Дуня смотрела, как князь соскочил с коня и быстрым шагом поднялся
— Змея, — прокомментировала увиденное Дуня, понимая, что этот корец с питьем — укор Милославе. В данном случае уместнее было подать питьё боярыне, а не служивой женке. Конечно, не гостила бы Милослава сейчас в княжьем доме, то вполне возможно, что именно Глафира встречала хозяина дома по обычаю.
— Чего это она вперёд мамы лезет, — возмутился Ванюшка, заинтересовавшись,почему сестра не уходит.
— Порасторопней оказалась, — честно ответила ему Евдокия и вдруг её пронзила мысль, что если в зубной порошок подсыпала отраву всё же Глафира, то сейчас она тоже могла чего подсыпать.
— Да не-е, — мотнула головой Дуня, не веря своим суждениям.
— Чего «не»? — тут же влез брат.
— Не будет она при всех… — голос боярышни сорвался из-за того, что горло словно бы сжалось. Одновременно она уже обламывала наконечник у стрелы и пропихивала свой лук в продух, чтобы выстрелить как можно ближе к Глафире. Позиция была крайне неудобной, поскольку выстрелить надо было не вдаль, а вниз, под самые стены дома.
— Дунька, ты спятила? — раскрыл глаза Ванюшка. — Ты чего делаешь? — протискивая голову в продух, он пытался понять,куда собралась бить сестра.
Дядька Никита встревоженно смотрел на происходящее, но не мешал. Лишь Ванюшке не дал до конца голову пропихнуть и наградил затрещиной. А Евдокия выстрелила, услышала, что получился переполох и рванула вниз.

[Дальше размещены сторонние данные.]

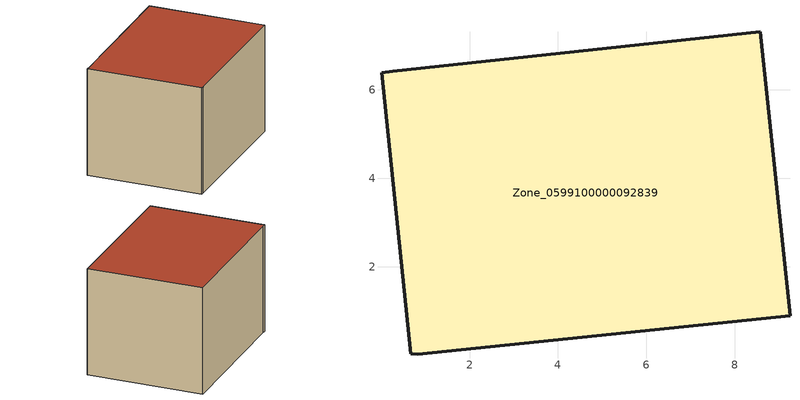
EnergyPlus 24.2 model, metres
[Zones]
Zone_0599100000092839
 floor ground (C_G): 0.82,0.01 0.67,0.03 0,6.39 0.26,6.42 8.58,7.32 9.25,0.89 z3.73
 wall outside (C_F): 8.58,7.32 0.26,6.42 0,6.39 0.67,0.03 0.82,0.01 9.25,0.89 8.58,7.32 z3.73:9.76
 roof outside (C_R): 0.67,0.03 0.82,0.01 9.25,0.89 8.58,7.32 0.26,6.42 0,6.39 z9.76
[BUILDING]
Pand.0599100000092839: North Axis=0; Terrain=City; Loads Convergence Tolerance Value=0.04; Temperature Convergence Tolerance Value=0.4; Solar Distribution=FullExterior; Maximum Number of Warmup Days=25; Minimum Number of Warmup Days=1
[Site:Location]
Rotterdam.The.Hague.AP_ZH_NLD Design_Conditions: Latitude=51.96; Longitude=4.45; Time Zone=1; Elevation=-4.5
[SITE:GROUNDTEMPERATURE:BUILDINGSURFACE]
18, 18, 18, 18, 18, 18, 18, 18, 18, 18, 18, 18
[MATERIAL] Thermal Absorptance=0.9; Solar Absorptance=0.7; Visible Absorptance=0.7
Name | Roughness | Thickness | Conductivity | Density | Specific Heat
G.TC.1946-1964 | MediumSmooth | 0.15 | 1 | 540 | 1210
F.TC.1946-1964 | Rough | 0.3 | 0.857143 | 1920 | 840
R.TC.1946-1964 | MediumRough | 0.2 | 0.235294 | 1500 | 1000
[CONSTRUCTION]
C_G: G.TC.1946-1964
C_F: F.TC.1946-1964
C_R: R.TC.1946-1964
[ZONE]
Zone_0599100000092839: Type=1; Multiplier=1; Ceiling Height=Autocalculate; Volume=Autocalculate; Floor Area=autocalculate; Part of Total Floor Area=Yes
[ZONEINFILTRATION:DESIGNFLOWRATE]
Infil_Zone_0599100000092839: Zone or ZoneList or Space or SpaceList=Zone_0599100000092839; Schedule=AlwaysOn; Design Flow Rate Calculation Method=Flow/Area; Flow Rate per Floor Area=0.003; Constant Term Coefficient=1; Temperature Term Coefficient=0; Velocity Term Coefficient=0; Velocity Squared Term Coefficient=0
[HVACTEMPLATE:ZONE:IDEALLOADSAIRSYSTEM]
Zone_0599100000092839: Maximum Heating Supply Air Temperature=50; Minimum Cooling Supply Air Temperature=13; Maximum Heating Supply Air Humidity Ratio=0.0156; Minimum Cooling Supply Air Humidity Ratio=0.0077; Heating Limit=NoLimit; Cooling Limit=NoLimit; Dehumidification Control Type=ConstantSensibleHeatRatio; Cooling Sensible Heat Ratio=0.7; Dehumidification Setpoint=60; Humidification Control Type=None; Humidification Setpoint=30; Outdoor Air Method=None; Outdoor Air Flow Rate per Person=0.00944; Outdoor Air Flow Rate per Zone Floor Area=0; Outdoor Air Flow Rate per Zone=0; Demand Controlled Ventilation Type=None; Outdoor Air Economizer Type=NoEconomizer; Heat Recovery Type=None; Sensible Heat Recovery Effectiveness=0.7; Latent Heat Recovery Effectiveness=0.65
[ZONECONTROL:THERMOSTAT]
ThermostatControl_Zone_0599100000092839: Zone or ZoneList=Zone_0599100000092839; Control Type Schedule=DualSetpointControlType; Control 1=Thermostat_Zone_0599100000092839; Temperature Difference Between Cutout And Setpoint=0
[THERMOSTATSETPOINT:DUALSETPOINT]
Thermostat_Zone_0599100000092839: Heating Setpoint Temperature Schedule=HeatingSetpoint_Zone_0599100000092839; Cooling Setpoint Temperature Schedule=CoolingSetpoint_Zone_0599100000092839
[SCHEDULE:COMPACT]
HeatingSetpoint_Zone_0599100000092839: Through: 12/31, For: AllDays, Until: 24:00, 21
CoolingSetpoint_Zone_0599100000092839: Through: 12/31, For: AllDays, Until: 24:00, 24
DualSetpointControlType: Through: 12/31, For: AllDays, Until: 24:00, 4
AlwaysOn: Through: 12/31, For: AllDays, Until: 24:00, 1

Она бежала по лестнице и слышала, как навстречу ей топоча поднимались воины. Она закричала:
— Я стреляла! Я! Не дайте князю испить!
Послышались голоса, кто-то побежал обратно, а Евдокию встретили двое княжьих воев.
— Я… тупой стрелой, чтобы остановить, — не останавливаясь, пояснила она и поторопила воев.
Обескураженные, они спустились вместе с нею и уже во дворе Дуня увидела, что народ подался вперёд.
«Хлеба и зрелищ», — мелькнула мысль у неё в голове.
Глафира была бледна, но стояла с гордо поднятой головой, а в руках продолжала держать корец. Милослава подалась вперёд, увидев дочь, а Еленка в немом изумлении раскрыла рот и не знала, что делать.
Краем глаза Евдокия углядела свою стрелу. Та лежала на дорожке и даже не сумела толком воткнуться в снег. Все уже видели, что стрела тупая, а сила её полета была такова, что никого даже не ранила бы. Не потому, что боярышня за прошедшие годы не научилась стрелять, а просто из того положения, что у неё было, ни один опытный лучник даже не стал бы пытаться стрелять.